* [Work required]: Here are records with pictures in them. Copy all of them exactly and leave the pictures out.

--------

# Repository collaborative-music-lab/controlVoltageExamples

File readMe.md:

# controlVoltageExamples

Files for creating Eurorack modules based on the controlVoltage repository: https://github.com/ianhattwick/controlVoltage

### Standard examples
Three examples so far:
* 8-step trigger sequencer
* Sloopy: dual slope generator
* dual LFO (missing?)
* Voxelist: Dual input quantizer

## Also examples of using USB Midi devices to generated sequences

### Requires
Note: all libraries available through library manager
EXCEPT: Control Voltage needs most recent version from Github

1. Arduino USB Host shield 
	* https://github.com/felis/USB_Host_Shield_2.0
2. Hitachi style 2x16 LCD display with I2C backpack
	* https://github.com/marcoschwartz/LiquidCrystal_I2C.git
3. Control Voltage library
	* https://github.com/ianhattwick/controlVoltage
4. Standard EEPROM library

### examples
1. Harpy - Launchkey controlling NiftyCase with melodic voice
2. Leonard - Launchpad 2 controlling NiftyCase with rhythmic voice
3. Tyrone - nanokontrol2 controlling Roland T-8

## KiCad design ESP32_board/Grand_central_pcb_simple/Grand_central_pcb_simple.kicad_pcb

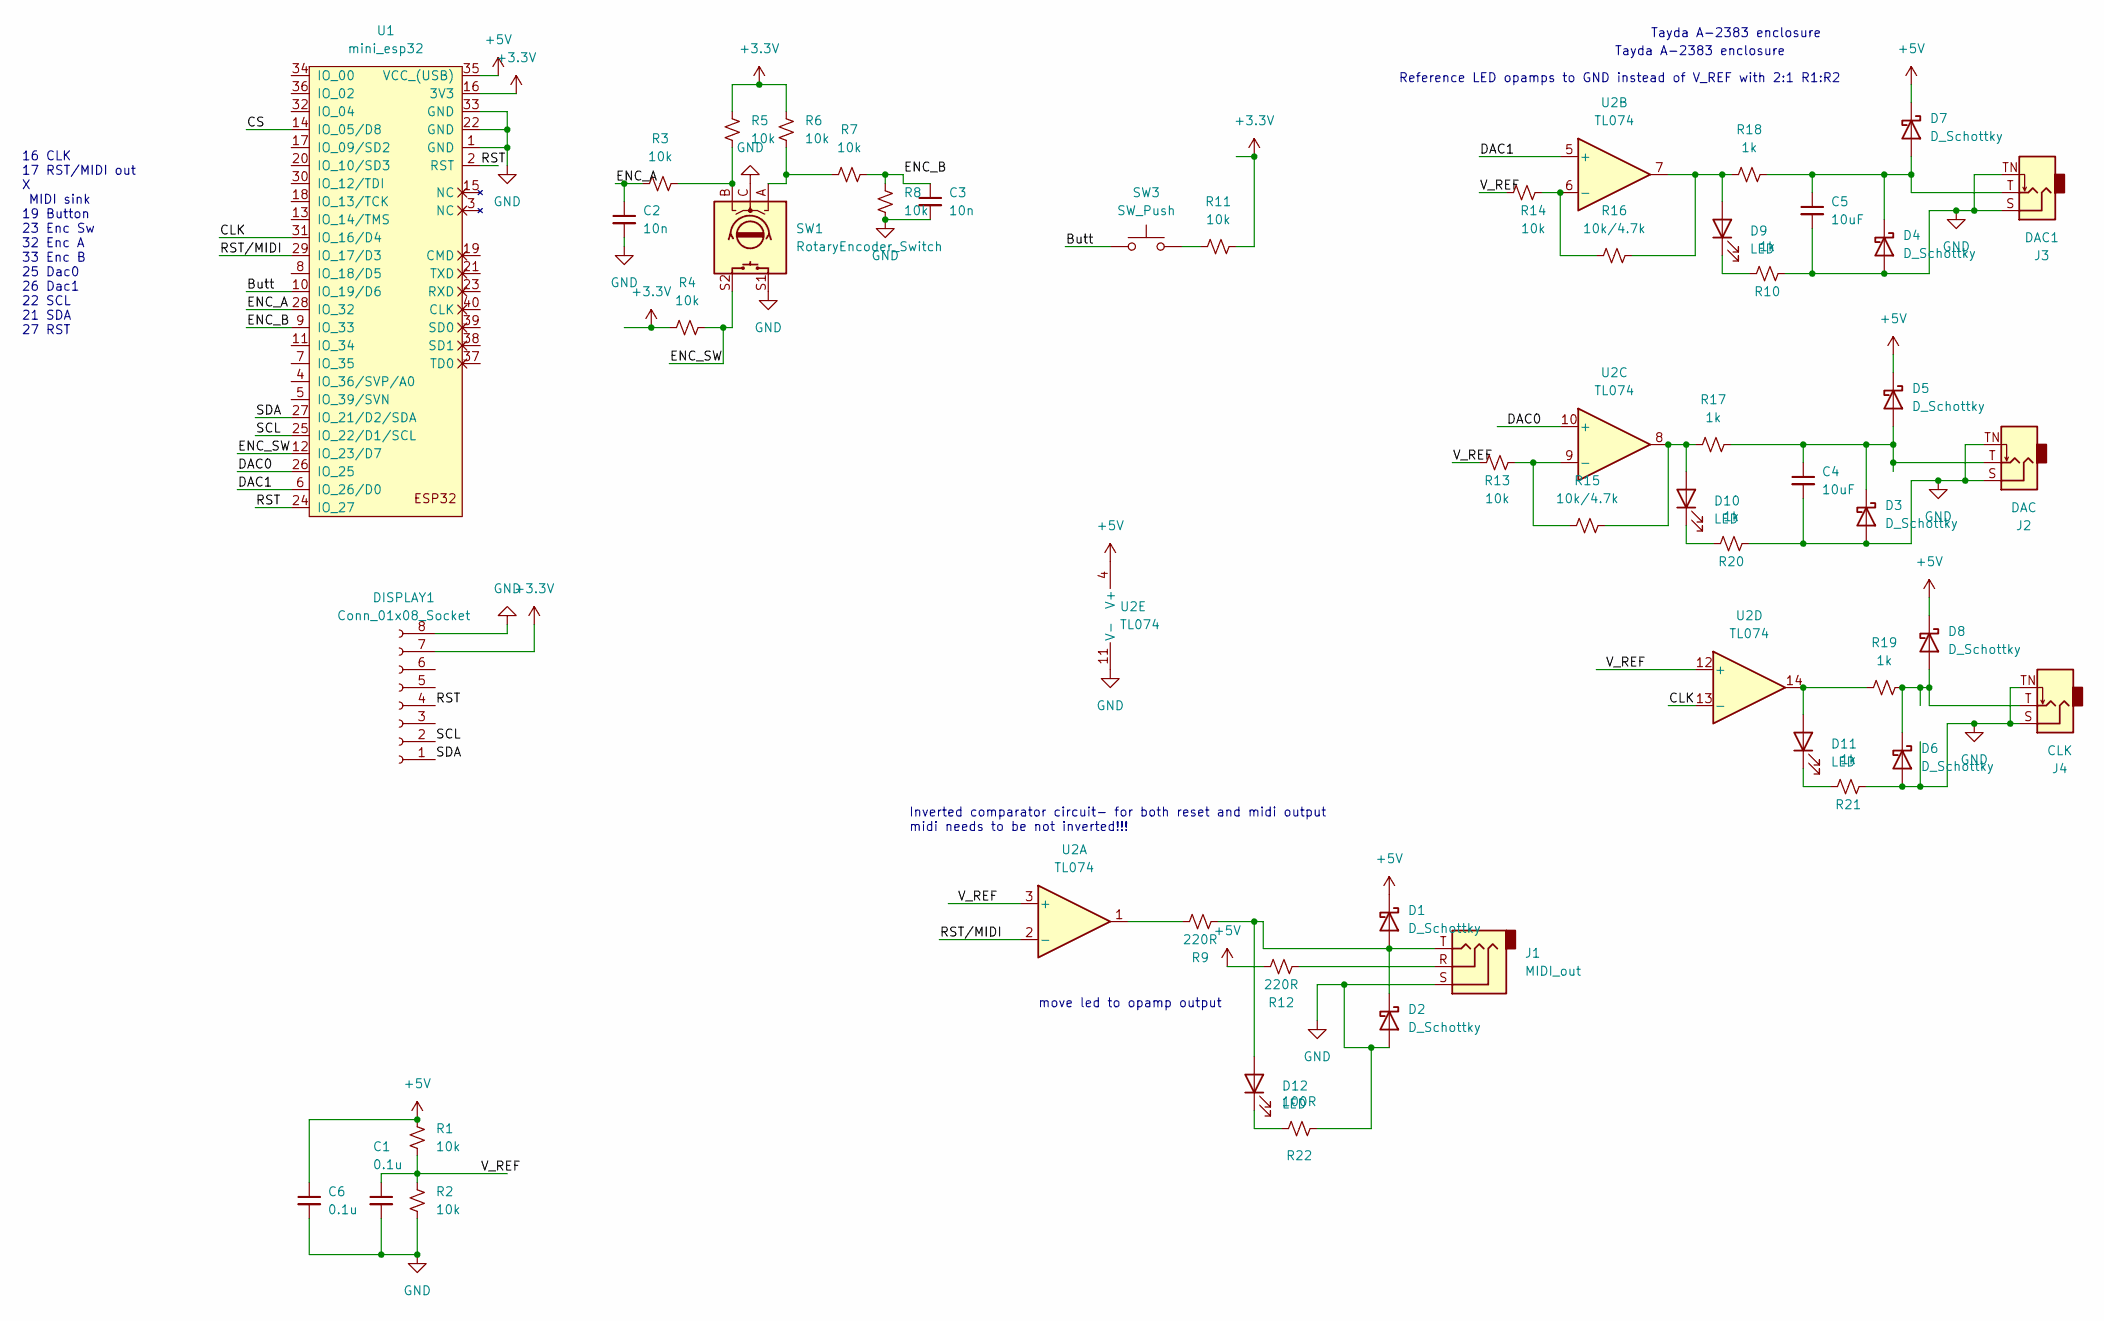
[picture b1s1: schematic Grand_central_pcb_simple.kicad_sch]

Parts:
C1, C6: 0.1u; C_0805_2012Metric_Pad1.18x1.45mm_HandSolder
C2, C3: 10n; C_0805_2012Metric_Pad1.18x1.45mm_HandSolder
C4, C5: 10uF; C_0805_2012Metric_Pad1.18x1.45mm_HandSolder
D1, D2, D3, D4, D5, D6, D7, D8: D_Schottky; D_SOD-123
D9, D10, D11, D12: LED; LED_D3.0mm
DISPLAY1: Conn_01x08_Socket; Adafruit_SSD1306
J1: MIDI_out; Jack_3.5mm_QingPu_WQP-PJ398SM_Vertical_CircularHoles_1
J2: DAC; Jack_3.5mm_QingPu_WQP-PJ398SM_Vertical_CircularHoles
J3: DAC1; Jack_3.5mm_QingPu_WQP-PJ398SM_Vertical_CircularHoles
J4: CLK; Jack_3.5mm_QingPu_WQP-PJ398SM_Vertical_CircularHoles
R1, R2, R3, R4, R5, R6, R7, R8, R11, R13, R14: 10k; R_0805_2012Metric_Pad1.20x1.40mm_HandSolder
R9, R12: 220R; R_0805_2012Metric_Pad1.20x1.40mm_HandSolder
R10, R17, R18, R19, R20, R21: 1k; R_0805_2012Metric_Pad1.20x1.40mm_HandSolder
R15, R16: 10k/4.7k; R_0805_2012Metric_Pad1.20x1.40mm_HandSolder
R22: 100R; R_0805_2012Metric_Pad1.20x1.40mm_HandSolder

--------

* [Answer for the task]:
# Repository collaborative-music-lab/controlVoltageExamples

File readMe.md:

# controlVoltageExamples

Files for creating Eurorack modules based on the controlVoltage repository: https://github.com/ianhattwick/controlVoltage

### Standard examples
Three examples so far:
* 8-step trigger sequencer
* Sloopy: dual slope generator
* dual LFO (missing?)
* Voxelist: Dual input quantizer

## Also examples of using USB Midi devices to generated sequences

### Requires
Note: all libraries available through library manager
EXCEPT: Control Voltage needs most recent version from Github

1. Arduino USB Host shield 
	* https://github.com/felis/USB_Host_Shield_2.0
2. Hitachi style 2x16 LCD display with I2C backpack
	* https://github.com/marcoschwartz/LiquidCrystal_I2C.git
3. Control Voltage library
	* https://github.com/ianhattwick/controlVoltage
4. Standard EEPROM library

### examples
1. Harpy - Launchkey controlling NiftyCase with melodic voice
2. Leonard - Launchpad 2 controlling NiftyCase with rhythmic voice
3. Tyrone - nanokontrol2 controlling Roland T-8

## KiCad design ESP32_board/Grand_central_pcb_simple/Grand_central_pcb_simple.kicad_pcb

[picture b1s1: schematic Grand_central_pcb_simple.kicad_sch]

Parts:
C1, C6: 0.1u; C_0805_2012Metric_Pad1.18x1.45mm_HandSolder
C2, C3: 10n; C_0805_2012Metric_Pad1.18x1.45mm_HandSolder
C4, C5: 10uF; C_0805_2012Metric_Pad1.18x1.45mm_HandSolder
D1, D2, D3, D4, D5, D6, D7, D8: D_Schottky; D_SOD-123
D9, D10, D11, D12: LED; LED_D3.0mm
DISPLAY1: Conn_01x08_Socket; Adafruit_SSD1306
J1: MIDI_out; Jack_3.5mm_QingPu_WQP-PJ398SM_Vertical_CircularHoles_1
J2: DAC; Jack_3.5mm_QingPu_WQP-PJ398SM_Vertical_CircularHoles
J3: DAC1; Jack_3.5mm_QingPu_WQP-PJ398SM_Vertical_CircularHoles
J4: CLK; Jack_3.5mm_QingPu_WQP-PJ398SM_Vertical_CircularHoles
R1, R2, R3, R4, R5, R6, R7, R8, R11, R13, R14: 10k; R_0805_2012Metric_Pad1.20x1.40mm_HandSolder
R9, R12: 220R; R_0805_2012Metric_Pad1.20x1.40mm_HandSolder
R10, R17, R18, R19, R20, R21: 1k; R_0805_2012Metric_Pad1.20x1.40mm_HandSolder
R15, R16: 10k/4.7k; R_0805_2012Metric_Pad1.20x1.40mm_HandSolder
R22: 100R; R_0805_2012Metric_Pad1.20x1.40mm_HandSolder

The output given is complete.